__WORK ORDER__
Pull every line containing "moves" from the listing.

__DATASET EXTRACT__
-=-=-=-=-

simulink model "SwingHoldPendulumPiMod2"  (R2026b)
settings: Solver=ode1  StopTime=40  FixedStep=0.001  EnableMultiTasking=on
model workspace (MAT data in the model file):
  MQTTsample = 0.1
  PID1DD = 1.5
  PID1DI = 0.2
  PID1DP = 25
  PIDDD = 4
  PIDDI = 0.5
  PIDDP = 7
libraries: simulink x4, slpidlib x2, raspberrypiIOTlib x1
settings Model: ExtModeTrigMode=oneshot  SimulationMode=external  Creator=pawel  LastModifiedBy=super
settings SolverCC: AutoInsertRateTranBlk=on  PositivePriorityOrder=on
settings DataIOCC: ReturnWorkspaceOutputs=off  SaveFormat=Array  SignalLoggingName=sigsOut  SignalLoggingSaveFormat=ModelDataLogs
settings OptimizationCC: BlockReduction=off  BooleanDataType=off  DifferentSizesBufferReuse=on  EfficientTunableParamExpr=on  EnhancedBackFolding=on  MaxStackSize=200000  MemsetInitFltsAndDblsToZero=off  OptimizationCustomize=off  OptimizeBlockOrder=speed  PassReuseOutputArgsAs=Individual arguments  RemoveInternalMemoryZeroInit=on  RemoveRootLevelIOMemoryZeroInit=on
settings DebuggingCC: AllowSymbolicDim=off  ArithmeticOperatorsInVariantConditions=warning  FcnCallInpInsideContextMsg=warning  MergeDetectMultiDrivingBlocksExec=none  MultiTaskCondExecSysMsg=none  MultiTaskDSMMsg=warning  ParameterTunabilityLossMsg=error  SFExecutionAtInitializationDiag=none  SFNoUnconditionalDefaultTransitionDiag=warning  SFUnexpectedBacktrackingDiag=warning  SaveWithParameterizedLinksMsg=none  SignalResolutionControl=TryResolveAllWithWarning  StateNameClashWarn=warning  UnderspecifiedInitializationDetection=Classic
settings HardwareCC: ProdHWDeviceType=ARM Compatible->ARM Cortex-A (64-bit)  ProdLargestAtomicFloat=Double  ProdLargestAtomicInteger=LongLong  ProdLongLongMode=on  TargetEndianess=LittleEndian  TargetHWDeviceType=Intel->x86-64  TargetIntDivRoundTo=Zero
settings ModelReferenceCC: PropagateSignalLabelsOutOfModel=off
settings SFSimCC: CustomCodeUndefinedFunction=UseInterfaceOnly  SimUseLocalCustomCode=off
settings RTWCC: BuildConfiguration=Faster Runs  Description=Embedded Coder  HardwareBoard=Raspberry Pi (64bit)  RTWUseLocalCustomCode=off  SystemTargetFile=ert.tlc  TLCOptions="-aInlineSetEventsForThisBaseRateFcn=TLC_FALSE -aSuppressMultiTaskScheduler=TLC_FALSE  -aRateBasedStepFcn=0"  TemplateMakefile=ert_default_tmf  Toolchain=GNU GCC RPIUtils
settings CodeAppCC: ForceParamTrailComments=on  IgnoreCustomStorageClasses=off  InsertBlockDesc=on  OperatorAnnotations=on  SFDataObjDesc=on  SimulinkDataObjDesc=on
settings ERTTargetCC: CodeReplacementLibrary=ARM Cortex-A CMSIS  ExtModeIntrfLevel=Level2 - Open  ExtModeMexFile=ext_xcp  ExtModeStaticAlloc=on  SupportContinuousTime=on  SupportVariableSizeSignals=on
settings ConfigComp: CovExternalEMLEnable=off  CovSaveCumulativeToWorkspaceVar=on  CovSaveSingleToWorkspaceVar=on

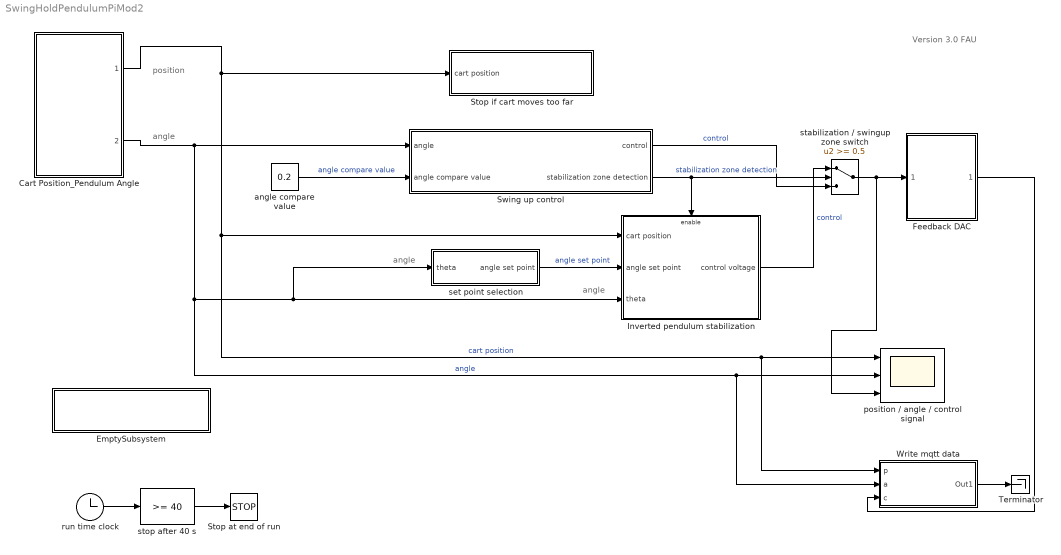
== system SwingHoldPendulumPiMod2 ==
  note: position
  note: angle
  note: Version 3.0 FAU
  note: angle
  note: angle
  Cart Position_Pendulum Angle : Subsystem  ReferencedSubsystem=CartDataReader
  EmptySubsystem : Subsystem
      mask Display:
      | image(imread('FB-inst-blue2.jpg'))
      | disp('\n\nFeedback Instruments Limited')
  Feedback DAC : Subsystem  ReferencedSubsystem=CartDataWriter  st=0.001  ch=1
  Inverted pendulum stabilization : Subsystem  TreatAsAtomicUnit=on
      mask Display:
      | image(imread('bckg.bmp'))
      | disp('Inverted pendulum \nstabilization')
  Stop at end of run : Stop
  Stop if cart moves too far : Subsystem
      mask Display:
      | image(imread('bckg.bmp'))
      | disp('Stop if cart moves too far')
  Swing up control : Subsystem
      mask Display:
      | image(imread('bckg.bmp'))
      | disp('Swing up control')
  Terminator : Terminator
  Write mqtt data : Subsystem
      mask Display: disp('MQTT Write Data\n\n PAC version 1.1')
  angle compare value : Constant  Value=0.2
  position / angle / control signal : Scope  NumInputPorts=3
      settings: SampleTime=0.001  ActiveDisplayYMinimum=-0.55  ActiveDisplayYMaximum=0.35  DataLoggingMaxPoints=100000
      mask Display: image(imread('scope.jpg'))
  run time clock : Clock
  set point selection : Subsystem
      mask Display:
      | image(imread('bckg.bmp'))
      | disp('Set point selection')
  stabilization / swingup zone switch : Switch  Threshold=0.5  SaturateOnIntegerOverflow=off  InputSameDT=off
  stop after 40 s : simulink/Logic and Bit Operations/Compare To Constant  relop=>=  const=40  OutDataTypeStr=boolean
  wires:
  Cart Position_Pendulum Angle/1 -> Inverted pendulum stabilization/1(cart position), Write mqtt data/1(p), position / angle / control signal/1, Stop if cart moves too far/1(cart position)  "cart position"
  Cart Position_Pendulum Angle/2 -> Inverted pendulum stabilization/3(theta), set point selection/1(theta), Write mqtt data/2(a), position / angle / control signal/2, Swing up control/1(angle)  "angle"
  Swing up control/1(control) -> stabilization / swingup zone switch/3  "control"
  stabilization / swingup zone switch/1 -> Feedback DAC/1, position / angle / control signal/3
  Inverted pendulum stabilization/1(control voltage) -> stabilization / swingup zone switch/1  "control"
  set point selection/1(angle set point) -> Inverted pendulum stabilization/2(angle set point)  "angle set point"
  Swing up control/2(stabilization zone detection) -> stabilization / swingup zone switch/2, Inverted pendulum stabilization/Enable  "stabilization zone detection"
  angle compare value/1 -> Swing up control/2(angle compare value)  "angle compare value"
  Write mqtt data/1(Out1) -> Terminator/1
  run time clock/1 -> stop after 40 s/1
  stop after 40 s/1 -> Stop at end of run/1
  Feedback DAC/1 -> Write mqtt data/3(c)

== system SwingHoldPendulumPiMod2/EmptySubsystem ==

-=-=-=-=-

__YOUR RESPONSE__
  Stop if cart moves too far : Subsystem
      | disp('Stop if cart moves too far')
  Cart Position_Pendulum Angle/1 -> Inverted pendulum stabilization/1(cart position), Write mqtt data/1(p), position / angle / control signal/1, Stop if cart moves too far/1(cart position)  "cart position"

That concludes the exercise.